Other areas we are focussing on include trying to make it possible for DC pension funds to invest in private markets. In the short term, however, there is also the matter of changes to capital gains taxation and any knock-on consequences there may be for carried interest.

During your time with the Firm, what has been the most interesting or challenging deal that you’ve worked on?

The investment in TMF was without doubt the one with the greatest number of issues to overcome. On entry it involved closing a deal where an important part of the business still needed to receive a change of control approval from the CSSF in Luxembourg. It involved making over 50 add-on deals but first the SEC and Prudential needed to agree to a protocol that allowed KPMG to sell businesses to us while maintaining auditor independence. And finally the exit closed in exceptionally shaky financial markets - two weeks after Lehman Brothers had gone bust. There were a few other material bumps on the road too but in the end we generated a gross MoC of 6.2x – a great result for the Firm.

What do you think are the key elements underpinning Silverfleet’s long and successful 30+ year track record?
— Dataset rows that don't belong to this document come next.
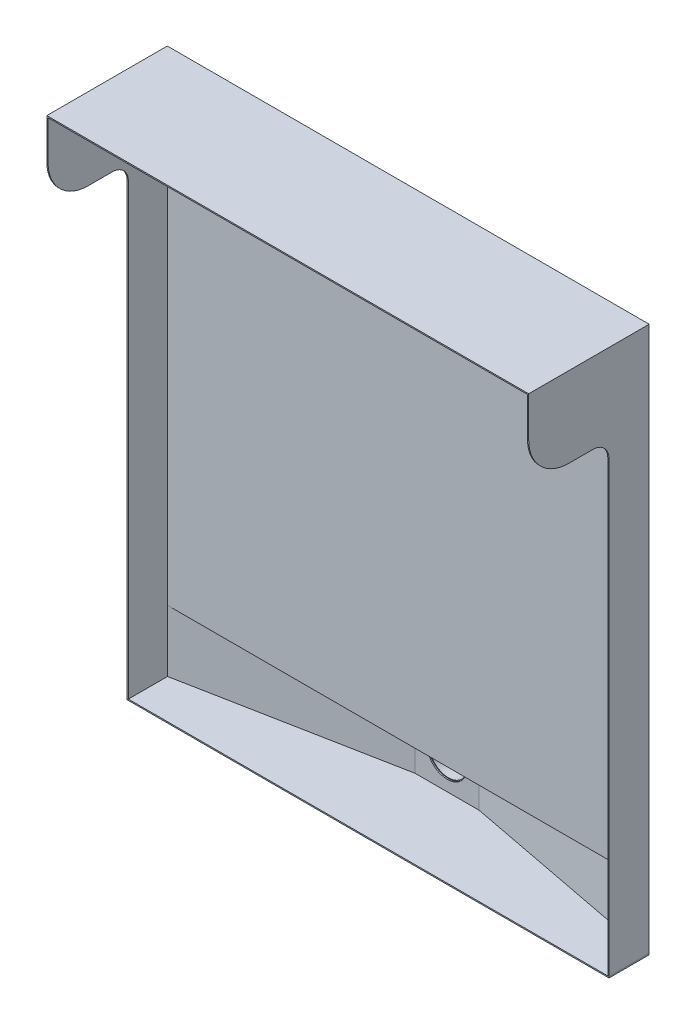
ISO-10303-21;
HEADER;
FILE_DESCRIPTION(('STEP AP214'),'2;1');
FILE_NAME('part.step','',(''),(''),'','','');
FILE_SCHEMA(('AUTOMOTIVE_DESIGN { 1 0 10303 214 1 1 1 1 }'));
ENDSEC;
DATA;
#1=APPLICATION_CONTEXT('core data for automotive mechanical design processes');
#2=APPLICATION_PROTOCOL_DEFINITION('international standard','automotive_design',2000,#1);
#3=PRODUCT_CONTEXT('',#1,'mechanical');
#4=PRODUCT('Part','Part','',(#3));
#5=PRODUCT_RELATED_PRODUCT_CATEGORY('part','',(#4));
#6=PRODUCT_DEFINITION_FORMATION('','',#4);
#7=PRODUCT_DEFINITION_CONTEXT('part definition',#1,'design');
#8=PRODUCT_DEFINITION('design','',#6,#7);
#9=PRODUCT_DEFINITION_SHAPE('','',#8);
#10=(LENGTH_UNIT() NAMED_UNIT(*) SI_UNIT(.MILLI.,.METRE.));
#11=(NAMED_UNIT(*) PLANE_ANGLE_UNIT() SI_UNIT($,.RADIAN.));
#12=(NAMED_UNIT(*) SI_UNIT($,.STERADIAN.) SOLID_ANGLE_UNIT());
#13=UNCERTAINTY_MEASURE_WITH_UNIT(LENGTH_MEASURE(1.E-05),#10,'distance_accuracy_value','');
#14=(GEOMETRIC_REPRESENTATION_CONTEXT(3) GLOBAL_UNCERTAINTY_ASSIGNED_CONTEXT((#13)) GLOBAL_UNIT_ASSIGNED_CONTEXT((#10,
#11,#12)) REPRESENTATION_CONTEXT('',''));
#15=CARTESIAN_POINT('',(0.,0.,0.));
#16=DIRECTION('',(0.,0.,1.));
#17=DIRECTION('',(1.,0.,0.));
#18=AXIS2_PLACEMENT_3D('',#15,#16,#17);
#19=CARTESIAN_POINT('',(0.,-300.,-75.));
#20=DIRECTION('',(0.,0.,-1.));
#21=DIRECTION('',(-1.,0.,0.));
#22=AXIS2_PLACEMENT_3D('',#19,#20,#21);
#23=PLANE('',#22);
#24=CARTESIAN_POINT('',(0.,-300.,-75.));
#25=DIRECTION('',(0.,0.,-1.));
#26=DIRECTION('',(-1.,0.,0.));
#27=AXIS2_PLACEMENT_3D('',#24,#25,#26);
#28=CIRCLE('',#27,25.);
#29=CARTESIAN_POINT('',(-25.,-300.,-75.));
#30=VERTEX_POINT('',#29);
#31=EDGE_CURVE('E12',#30,#30,#28,.T.);
#32=ORIENTED_EDGE('',*,*,#31,.T.);
#33=EDGE_LOOP('',(#32));
#34=FACE_BOUND('',#33,.T.);
#35=CARTESIAN_POINT('',(0.,-300.,-75.));
#36=DIRECTION('',(0.,0.,-1.));
#37=DIRECTION('',(-1.,0.,0.));
#38=AXIS2_PLACEMENT_3D('',#35,#36,#37);
#39=CIRCLE('',#38,24.);
#40=CARTESIAN_POINT('',(-24.,-300.,-75.));
#41=VERTEX_POINT('',#40);
#42=EDGE_CURVE('E73',#41,#41,#39,.T.);
#43=ORIENTED_EDGE('',*,*,#42,.F.);
#44=EDGE_LOOP('',(#43));
#45=FACE_BOUND('',#44,.T.);
#46=ADVANCED_FACE('F59',(#34,#45),#23,.T.);
#47=CARTESIAN_POINT('',(0.,-300.,-50.));
#48=DIRECTION('',(0.,0.,-1.));
#49=DIRECTION('',(-1.,0.,0.));
#50=AXIS2_PLACEMENT_3D('',#47,#48,#49);
#51=PLANE('',#50);
#52=CARTESIAN_POINT('',(0.,-300.,-50.));
#53=DIRECTION('',(0.,0.,-1.));
#54=DIRECTION('',(-1.,0.,0.));
#55=AXIS2_PLACEMENT_3D('',#52,#53,#54);
#56=CIRCLE('',#55,25.);
#57=CARTESIAN_POINT('',(-25.,-300.,-50.));
#58=VERTEX_POINT('',#57);
#59=EDGE_CURVE('E63',#58,#58,#56,.T.);
#60=ORIENTED_EDGE('',*,*,#59,.F.);
#61=EDGE_LOOP('',(#60));
#62=FACE_BOUND('',#61,.T.);
#63=CARTESIAN_POINT('',(0.,-300.,-50.));
#64=DIRECTION('',(0.,0.,-1.));
#65=DIRECTION('',(-1.,0.,0.));
#66=AXIS2_PLACEMENT_3D('',#63,#64,#65);
#67=CIRCLE('',#66,24.);
#68=CARTESIAN_POINT('',(-24.,-300.,-50.));
#69=VERTEX_POINT('',#68);
#70=EDGE_CURVE('E75',#69,#69,#67,.T.);
#71=ORIENTED_EDGE('',*,*,#70,.T.);
#72=EDGE_LOOP('',(#71));
#73=FACE_BOUND('',#72,.T.);
#74=ADVANCED_FACE('F86',(#62,#73),#51,.F.);
#75=CARTESIAN_POINT('',(0.,-300.,-75.));
#76=DIRECTION('',(0.,0.,1.));
#77=DIRECTION('',(1.,0.,0.));
#78=AXIS2_PLACEMENT_3D('',#75,#76,#77);
#79=CYLINDRICAL_SURFACE('',#78,25.);
#80=ORIENTED_EDGE('',*,*,#31,.F.);
#81=EDGE_LOOP('',(#80));
#82=FACE_BOUND('',#81,.T.);
#83=ORIENTED_EDGE('',*,*,#59,.T.);
#84=EDGE_LOOP('',(#83));
#85=FACE_BOUND('',#84,.T.);
#86=ADVANCED_FACE('F61',(#82,#85),#79,.T.);
#87=CARTESIAN_POINT('',(0.,-300.,-75.));
#88=DIRECTION('',(0.,0.,1.));
#89=DIRECTION('',(1.,0.,0.));
#90=AXIS2_PLACEMENT_3D('',#87,#88,#89);
#91=CYLINDRICAL_SURFACE('',#90,24.);
#92=ORIENTED_EDGE('',*,*,#42,.T.);
#93=EDGE_LOOP('',(#92));
#94=FACE_BOUND('',#93,.T.);
#95=ORIENTED_EDGE('',*,*,#70,.F.);
#96=EDGE_LOOP('',(#95));
#97=FACE_BOUND('',#96,.T.);
#98=ADVANCED_FACE('F82',(#94,#97),#91,.F.);
#99=CLOSED_SHELL('',(#46,#74,#86,#98));
#100=MANIFOLD_SOLID_BREP('B2',#99);
#101=CARTESIAN_POINT('',(-298.5,-338.5,150.));
#102=DIRECTION('',(0.,1.,0.));
#103=DIRECTION('',(-1.,0.,0.));
#104=AXIS2_PLACEMENT_3D('',#101,#102,#103);
#105=PLANE('',#104);
#106=DIRECTION('',(-1.,0.,0.));
#107=VECTOR('',#106,1.);
#108=CARTESIAN_POINT('',(-298.5,-338.5,50.0000000000001));
#109=LINE('',#108,#107);
#110=CARTESIAN_POINT('',(300.,-338.5,50.0000000000001));
#111=VERTEX_POINT('',#110);
#112=CARTESIAN_POINT('',(-300.,-338.5,50.0000000000001));
#113=VERTEX_POINT('',#112);
#114=EDGE_CURVE('E191',#111,#113,#109,.T.);
#115=ORIENTED_EDGE('',*,*,#114,.F.);
#116=DIRECTION('',(0.,0.,-1.));
#117=VECTOR('',#116,1.);
#118=CARTESIAN_POINT('',(300.,-338.5,150.));
#119=LINE('',#118,#117);
#120=CARTESIAN_POINT('',(300.,-338.5,0.));
#121=VERTEX_POINT('',#120);
#122=EDGE_CURVE('E199',#111,#121,#119,.T.);
#123=ORIENTED_EDGE('',*,*,#122,.T.);
#124=DIRECTION('',(0.982006446980647,0.,0.188847393650125));
#125=VECTOR('',#124,1.);
#126=CARTESIAN_POINT('',(40.0000000000001,-338.5,-50.));
#127=LINE('',#126,#125);
#128=CARTESIAN_POINT('',(40.0000000000001,-338.5,-50.));
#129=VERTEX_POINT('',#128);
#130=EDGE_CURVE('E251',#129,#121,#127,.T.);
#131=ORIENTED_EDGE('',*,*,#130,.F.);
#132=DIRECTION('',(1.,0.,0.));
#133=VECTOR('',#132,1.);
#134=CARTESIAN_POINT('',(40.0000000000001,-338.5,-50.));
#135=LINE('',#134,#133);
#136=CARTESIAN_POINT('',(-39.9999999999999,-338.5,-50.));
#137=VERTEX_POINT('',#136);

What have been the pivotal moments for the Firm?

2020 has illustrated that there is a lot to be said for a portfolio that is carefully selected but that is also deliberately diversified by sector and by geography. It is why the current portfolio has been resilient in the face of a global pandemic causing huge short-term falls in economic activity. We were one of the early movers in terms of opening offices across Europe which allowed that strategy to be implemented. Furthermore, spinning the firm out of Prudential plc in 2007 was a pivotal event as it allowed us to diversify our sources of funding.

Your recent support for The Big Issue through donating your daily commute expenses has inspired others across the industry to follow suit. How do you think Covid will change the way private equity works directly with charities? Do you think firms providing short-term support (eg. supply of masks) will create a trade-off between establishing longer term partnerships with charities?

Charities depend on long-term support as well as from one-off benefaction. The latter, while very welcome, is of limited use without the foundation provided by multi-year relationships. However, the spontaneous generosity shown this year by many PE firms to charities in their communities will maybe kick start something longer term.